Lead investigator Polly Newcomb, PhD, MPH, explained, “The general evidence is that alcohol consumption overall increases breast-cancer risk.”
In my previous blog, last week, I talked about a team of scientists who said that they “found even one drink a day could increase a woman’s risk of developing cancer.” HealthDay noted that according to that study, published online in the Journal of the National Cancer Institute, “for every additional drink consumed per day, there are about 15 extra cases of cancer diagnosed for every 1,000 women under age 75, and that most of those cancers are breast cancer.” 
But would “wine type” make “a difference in breast cancer risk?” 
To answer that, the “researchers enrolled 6,327 women between the ages of 20 and 69 who had been diagnosed with invasive breast cancer, and 7,558 women without cancer to serve as a control group.” 
All of the women were from Wisconsin, Massachusetts (excluding Boston), and New Hampshire.
While “82 percent of women in both groups reported drinking in the prior year, breast cancer cases were 24 percent more likely to drink 14 or more alcoholic beverages per week after multivariable adjustment,” MedPage Today reported. And, “this risk appeared limited to postmenopausal women.” 
Investigators also noted that “although higher intake of all types of alcohol tended to increase risk, the only significant association was with liquor which appeared to be driving the overall association.” 
But “wine did not increase breast cancer risk significantly overall or in the highest consumption group for 14 or more glasses per week versus nondrinkers.” 
And, “neither red nor white wine were significant risks, either incrementally or at the highest consumption levels.” 
WebMD also covered the story and noted, “Researchers say this was one of the largest studies of its kind to examine the relationship between wine and breast cancer, and the results suggest neither red nor white wine is related to breast cancer.”

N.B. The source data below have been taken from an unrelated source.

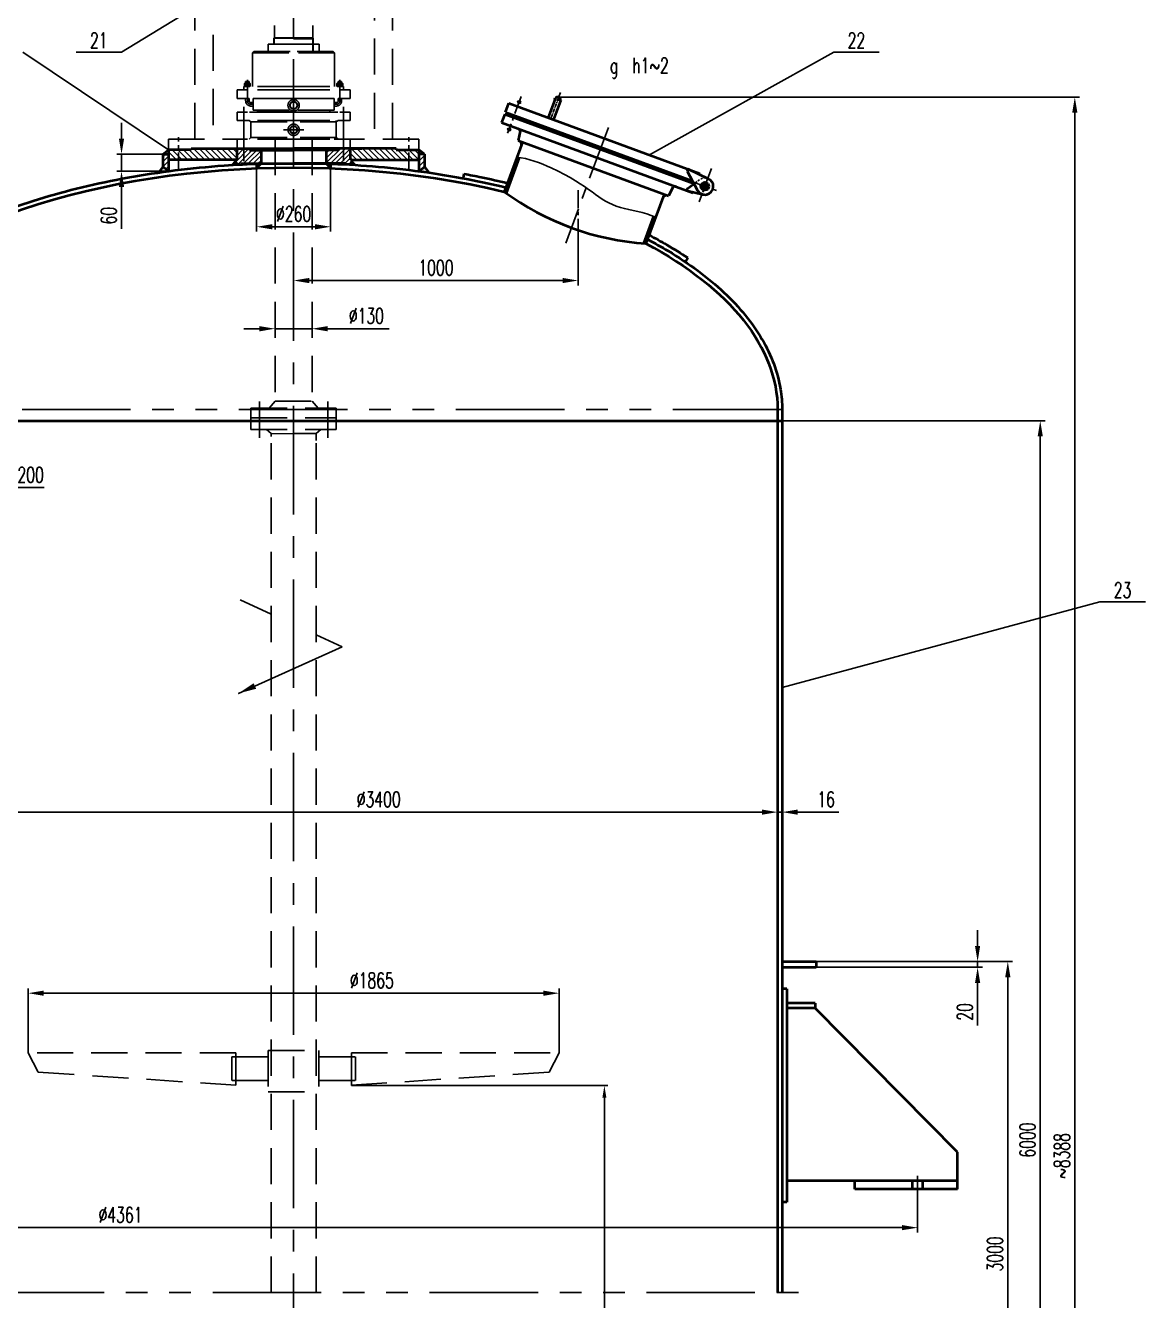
# Model space of a CAD drawing. Header units: millimetres. Extents: x -100310 to -88430, y -9131 to 7689.
# Drawn here: x -97724 to -93790, y 503 to 4983 of the extents above; entities that cross this region are included whole.
import ezdxf
from ezdxf.enums import TextEntityAlignment as Align

# ---------------------------------------------------------------- set-up
doc = ezdxf.new("R2010")
doc.units = ezdxf.units.MM
for name, pattern in [('CENTERX2', [101.6, 63.5, -12.7, 12.7, -12.7]), ('DASHED2', [9.525, 6.35, -3.175]), ('PHANTOMX2', [127, 63.5, -12.7, 12.7, -12.7, 12.7, -12.7])]:
    doc.linetypes.add(name, pattern=pattern)
for name, color, linetype in [('图层1', 1, 'CENTERX2'), ('图层3', 211, 'Continuous'), ('图层4', 6, 'DASHED2'), ('图层5', 231, 'PHANTOMX2')]:
    doc.layers.add(name, color=color, linetype=linetype)
doc.layers.add('图层2', color=4, linetype='Continuous', lineweight=40)
doc.styles.add('HZ', font='ROMANS.shx', dxfattribs={"width": 0.667, "height": 54, "bigfont": 'HZ.shx'})
doc.styles.add('比例1：15', font='ROMANS.shx', dxfattribs={"width": 0.7, "height": 45, "bigfont": 'HZ.shx'})
doc.styles.add('比例1：20', font='ROMANS.shx', dxfattribs={"width": 0.7, "height": 60, "bigfont": 'HZ.shx'})
doc.dimstyles.new('副本比例1：20', dxfattribs={"dimtxt": 60, "dimasz": 55, "dimexe": 17, "dimexo": 0, "dimgap": 18, "dimtad": 1, "dimtoh": 1, "dimdsep": 46, "dimtxsty": '比例1：20', "dimcen": 25, "dimclrd": 6, "dimclre": 6, "dimclrt": 256, "dimadec": 0, "dimazin": 0, "dimtfac": 1, "dimtmove": 0, "dimatfit": 3, "dimfxl": 0, "dimlwd": -1, "dimlwe": -1, "dimarcsym": 0})
doc.dimstyles.new('比例1：15', dxfattribs={"dimtxt": 45, "dimasz": 42, "dimexe": 12, "dimexo": 0, "dimgap": 12, "dimtad": 1, "dimdsep": 46, "dimtxsty": '比例1：15', "dimcen": 25, "dimclrd": 6, "dimclre": 6, "dimclrt": 256, "dimadec": 0, "dimazin": 0, "dimtfac": 1, "dimtmove": 0, "dimatfit": 3, "dimfxl": 0, "dimlwd": -1, "dimlwe": -1, "dimarcsym": 0})
doc.dimstyles.new('比例1：20', dxfattribs={"dimtxt": 60, "dimasz": 55, "dimexe": 17, "dimexo": 0, "dimgap": 18, "dimtad": 1, "dimdsep": 46, "dimtxsty": '比例1：20', "dimcen": 25, "dimclrd": 6, "dimclre": 6, "dimclrt": 256, "dimadec": 0, "dimazin": 0, "dimtfac": 1, "dimtmove": 0, "dimatfit": 3, "dimfxl": 0, "dimlwd": -1, "dimlwe": -1, "dimarcsym": 0})

# ---------------------------------------------------------------- blocks, each defined once
blk = doc.blocks.new('*D58')
at = {"color": 6}
for p, q in [((-95854.2, 4731.7), (-94021, 4731.7)), ((-94038, -2655.4), (-94038, 4676.7)), ((-96573.2, -2710.4), (-94021, -2710.4))]:
    blk.add_line(p, q, dxfattribs=at)
for points in [[(-94047.1, 4676.7), (-94028.8, 4676.7), (-94038, 4731.7)], [(-94047.1, -2655.4), (-94028.8, -2655.4), (-94038, -2710.4)]]:
    blk.add_solid(points, dxfattribs=at)
at = {"layer": 'Defpoints', "color": 0}
for p in [(-95854.2, 4731.7), (-94038, 4731.7), (-96573.2, -2710.4)]:
    blk.add_point(p, dxfattribs=at)
at = {"insert": (-94083, 1010.7), "char_height": 54, "attachment_point": 5, "rotation": 90, "style": 'HZ'}
blk.add_mtext('~8388', dxfattribs=at)
blk = doc.blocks.new('*D60')
at = {"color": 6}
for p, q in [((-95066.2, 3593.9), (-94142.4, 3593.9)), ((-94159.4, 3538.9), (-94159.4, -1406.4)), ((-95066.2, -1461.4), (-94142.4, -1461.4))]:
    blk.add_line(p, q, dxfattribs=at)
for points in [[(-94168.6, 3538.9), (-94150.2, 3538.9), (-94159.4, 3593.9)], [(-94168.6, -1406.4), (-94150.2, -1406.4), (-94159.4, -1461.4)]]:
    blk.add_solid(points, dxfattribs=at)
at = {"layer": 'Defpoints', "color": 0}
for p in [(-95066.2, 3593.9), (-95066.2, -1461.4), (-94159.4, -1461.4)]:
    blk.add_point(p, dxfattribs=at)
at = {"insert": (-94204.4, 1066.3), "char_height": 54, "attachment_point": 5, "rotation": 90, "style": 'HZ'}
blk.add_mtext('6000', dxfattribs=at)
blk = doc.blocks.new('*D90')
at = {"color": 6}
for p, q in [((-95782.2, 4271.7), (-95782.2, 4070)), ((-96782.2, 4087), (-96782.2, 4104)), ((-95837.2, 4087), (-96727.2, 4087))]:
    blk.add_line(p, q, dxfattribs=at)
for points in [[(-96727.2, 4096.1), (-96727.2, 4077.8), (-96782.2, 4087)], [(-95837.2, 4096.1), (-95837.2, 4077.8), (-95782.2, 4087)]]:
    blk.add_solid(points, dxfattribs=at)
at = {"layer": 'Defpoints', "color": 0}
for p in [(-95782.2, 4271.7), (-96782.2, 4087), (-96782.2, 4087)]:
    blk.add_point(p, dxfattribs=at)
at = {"insert": (-96282.2, 4132), "char_height": 54, "attachment_point": 5, "style": 'HZ'}
blk.add_mtext('1000', dxfattribs=at)
blk = doc.blocks.new('*D48')
at = {"color": 6}
for p, q in [((-94946.2, 1693.9), (-94256.4, 1693.9)), ((-94273.4, -306.4), (-94273.4, 1638.9)), ((-94946.2, -361.4), (-94256.4, -361.4))]:
    blk.add_line(p, q, dxfattribs=at)
for points in [[(-94282.5, 1638.9), (-94264.2, 1638.9), (-94273.4, 1693.9)], [(-94282.5, -306.4), (-94264.2, -306.4), (-94273.4, -361.4)]]:
    blk.add_solid(points, dxfattribs=at)
at = {"layer": 'Defpoints', "color": 0}
for p in [(-94946.2, 1693.9), (-94273.4, 1693.9), (-94946.2, -361.4)]:
    blk.add_point(p, dxfattribs=at)
at = {"insert": (-94318.4, 666.3), "char_height": 54, "attachment_point": 5, "rotation": 90, "style": 'HZ'}
blk.add_mtext('3000', dxfattribs=at)
blk = doc.blocks.new('*D51')
at = {"color": 6}
for p, q in [((-98974.2, 885), (-98974.2, 741.7)), ((-94590.2, 885), (-94590.2, 741.7)), ((-98919.2, 758.7), (-94645.2, 758.7))]:
    blk.add_line(p, q, dxfattribs=at)
for points in [[(-98919.2, 767.9), (-98919.2, 749.6), (-98974.2, 758.7)], [(-94645.2, 767.9), (-94645.2, 749.6), (-94590.2, 758.7)]]:
    blk.add_solid(points, dxfattribs=at)
at = {"layer": 'Defpoints', "color": 0}
for p in [(-98974.2, 885), (-94590.2, 885), (-94590.2, 758.7)]:
    blk.add_point(p, dxfattribs=at)
at = {"insert": (-97390.3, 803.7), "char_height": 54, "attachment_point": 5, "style": 'HZ'}
blk.add_mtext('%%c4361', dxfattribs=at)
blk = doc.blocks.new('*U30')
at = {"lineweight": 15}
blk.add_line((6988.4, 2864.3), (7048.7, 2891.4), dxfattribs=at)
blk.add_lwpolyline([(6988.4, 2864.3, 0, 14.1, 0), (7027.1, 2881.7, 14.1, 14.1, 0)], format="xyseb", dxfattribs=at)
blk = doc.blocks.new('*D52')
at = {"color": 6}
for p, q in [((-94379.4, 1748.9), (-94379.4, 1803.9)), ((-94946.2, 1693.9), (-94362.4, 1693.9)), ((-94946.2, 1673.9), (-94362.4, 1673.9)), ((-94379.4, 1693.9), (-94379.4, 1673.9)), ((-94379.4, 1618.9), (-94379.4, 1469.6))]:
    blk.add_line(p, q, dxfattribs=at)
for points in [[(-94388.6, 1748.9), (-94370.3, 1748.9), (-94379.4, 1693.9)], [(-94388.6, 1618.9), (-94370.3, 1618.9), (-94379.4, 1673.9)]]:
    blk.add_solid(points, dxfattribs=at)
at = {"layer": 'Defpoints', "color": 0}
for p in [(-94946.2, 1693.9), (-94946.2, 1673.9), (-94379.4, 1673.9)]:
    blk.add_point(p, dxfattribs=at)
at = {"insert": (-94424.4, 1516.8), "char_height": 54, "attachment_point": 5, "rotation": 90, "style": 'HZ'}
blk.add_mtext('20', dxfattribs=at)
blk = doc.blocks.new('*D53')
at = {"color": 6}
for p, q in [((-98482.2, 2218.8), (-98482.2, 2235.8)), ((-98427.2, 2218.8), (-95137.2, 2218.8)), ((-95082.2, 2218.8), (-95082.2, 2235.8))]:
    blk.add_line(p, q, dxfattribs=at)
for points in [[(-98427.2, 2228), (-98427.2, 2209.7), (-98482.2, 2218.8)], [(-95137.2, 2228), (-95137.2, 2209.7), (-95082.2, 2218.8)]]:
    blk.add_solid(points, dxfattribs=at)
at = {"layer": 'Defpoints', "color": 0}
for p in [(-98482.2, 2218.8), (-95082.2, 2218.8), (-95082.2, 2218.8)]:
    blk.add_point(p, dxfattribs=at)
at = {"insert": (-96483.2, 2263.8), "char_height": 54, "attachment_point": 5, "style": 'HZ'}
blk.add_mtext('%%c3400', dxfattribs=at)
blk = doc.blocks.new('*D54')
at = {"color": 6}
for p, q in [((-95137.2, 2218.8), (-95192.2, 2218.8)), ((-95082.2, 2218.8), (-95082.2, 2235.8)), ((-95082.2, 2218.8), (-95066.2, 2218.8)), ((-95066.2, 2218.8), (-95066.2, 2235.8)), ((-95011.2, 2218.8), (-94867, 2218.8))]:
    blk.add_line(p, q, dxfattribs=at)
for points in [[(-95137.2, 2228), (-95137.2, 2209.7), (-95082.2, 2218.8)], [(-95011.2, 2228), (-95011.2, 2209.7), (-95066.2, 2218.8)]]:
    blk.add_solid(points, dxfattribs=at)
at = {"layer": 'Defpoints', "color": 0}
for p in [(-95082.2, 2218.8), (-95066.2, 2218.8), (-95066.2, 2218.8)]:
    blk.add_point(p, dxfattribs=at)
at = {"insert": (-94911.6, 2263.8), "char_height": 54, "attachment_point": 5, "style": 'HZ'}
blk.add_mtext('16', dxfattribs=at)
blk = doc.blocks.new('*D99')
at = {"color": 6}
for p, q in [((-98182.2, 3573.9), (-98009.4, 3473.1)), ((-97814.3, 3359.2), (-97961.9, 3445.4)), ((-97658.9, 3359.2), (-97814.3, 3359.2))]:
    blk.add_line(p, q, dxfattribs=at)
blk.add_solid([(-97957.3, 3453.3), (-97966.6, 3437.5), (-98009.4, 3473.1)], dxfattribs=at)
at = {"layer": 'Defpoints', "color": 0}
for p in [(-98182.2, 3573.9), (-98009.4, 3473.1)]:
    blk.add_point(p, dxfattribs=at)
at = {"insert": (-97722.3, 3404.2), "char_height": 54, "attachment_point": 5, "style": 'HZ'}
blk.add_mtext('R200', dxfattribs=at)
blk = doc.blocks.new('*D55')
at = {"color": 6}
for p, q in [((-96902.2, 3917.6), (-96957.2, 3917.6)), ((-96847.2, 3917.6), (-96847.2, 3934.6)), ((-96847.2, 3917.6), (-96717.2, 3917.6)), ((-96717.2, 3917.6), (-96717.2, 3934.6)), ((-96662.2, 3917.6), (-96446, 3917.6))]:
    blk.add_line(p, q, dxfattribs=at)
for points in [[(-96902.2, 3926.8), (-96902.2, 3908.4), (-96847.2, 3917.6)], [(-96662.2, 3926.8), (-96662.2, 3908.4), (-96717.2, 3917.6)]]:
    blk.add_solid(points, dxfattribs=at)
at = {"layer": 'Defpoints', "color": 0}
for p in [(-96847.2, 3917.6), (-96717.2, 3917.6), (-96717.2, 3917.6)]:
    blk.add_point(p, dxfattribs=at)
at = {"insert": (-96526.6, 3962.6), "char_height": 54, "attachment_point": 5, "style": 'HZ'}
blk.add_mtext('\\A1;∅130', dxfattribs=at)
blk = doc.blocks.new('*D103')
at = {"color": 6}
for p, q in [((-97386.8, 4586), (-97386.8, 4641)), ((-97242.2, 4531), (-97403.8, 4531)), ((-97386.8, 4531), (-97386.8, 4471.1)), ((-97222.2, 4471.1), (-97403.8, 4471.1)), ((-97386.8, 4416.1), (-97386.8, 4268.5))]:
    blk.add_line(p, q, dxfattribs=at)
for points in [[(-97395.9, 4586), (-97377.6, 4586), (-97386.8, 4531)], [(-97395.9, 4416.1), (-97377.6, 4416.1), (-97386.8, 4471.1)]]:
    blk.add_solid(points, dxfattribs=at)
at = {"layer": 'Defpoints', "color": 0}
for p in [(-97242.2, 4531), (-97386.8, 4471.1), (-97222.2, 4471.1)]:
    blk.add_point(p, dxfattribs=at)
at = {"insert": (-97431.8, 4314.8), "char_height": 54, "attachment_point": 5, "rotation": 90, "style": 'HZ'}
blk.add_mtext('60', dxfattribs=at)
blk = doc.blocks.new('*D104')
at = {"color": 6}
for p, q in [((-96912.2, 4481.5), (-96912.2, 4258.9)), ((-96652.2, 4481.5), (-96652.2, 4258.9)), ((-96857.2, 4275.9), (-96707.2, 4275.9))]:
    blk.add_line(p, q, dxfattribs=at)
for points in [[(-96857.2, 4285), (-96857.2, 4266.7), (-96912.2, 4275.9)], [(-96707.2, 4285), (-96707.2, 4266.7), (-96652.2, 4275.9)]]:
    blk.add_solid(points, dxfattribs=at)
at = {"layer": 'Defpoints', "color": 0}
for p in [(-96912.2, 4481.5), (-96652.2, 4481.5), (-96652.2, 4275.9)]:
    blk.add_point(p, dxfattribs=at)
at = {"insert": (-96782.2, 4320.9), "char_height": 54, "attachment_point": 5, "style": 'HZ'}
blk.add_mtext('%%c260', dxfattribs=at)
blk = doc.blocks.new('*D106')
at = {"color": 6}
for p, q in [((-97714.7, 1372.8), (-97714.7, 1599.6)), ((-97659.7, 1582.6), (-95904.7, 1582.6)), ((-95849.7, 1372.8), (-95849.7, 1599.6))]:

So, although there is significant concern that, according to one editorial, “there is no level of alcohol consumption that can be considered safe,” it may be that white or red white may not increase breast cancer risk while conferring some cardiovascular benefits.
Perhaps the final word can be found in the guidelines from organizations including the American Heart Association and American Cancer Society that recommend no more than two drinks a day for men and no more than one a day for women. 
This study may encourage women who have a freedom in the area of alcohol to make that drink a glass of wine.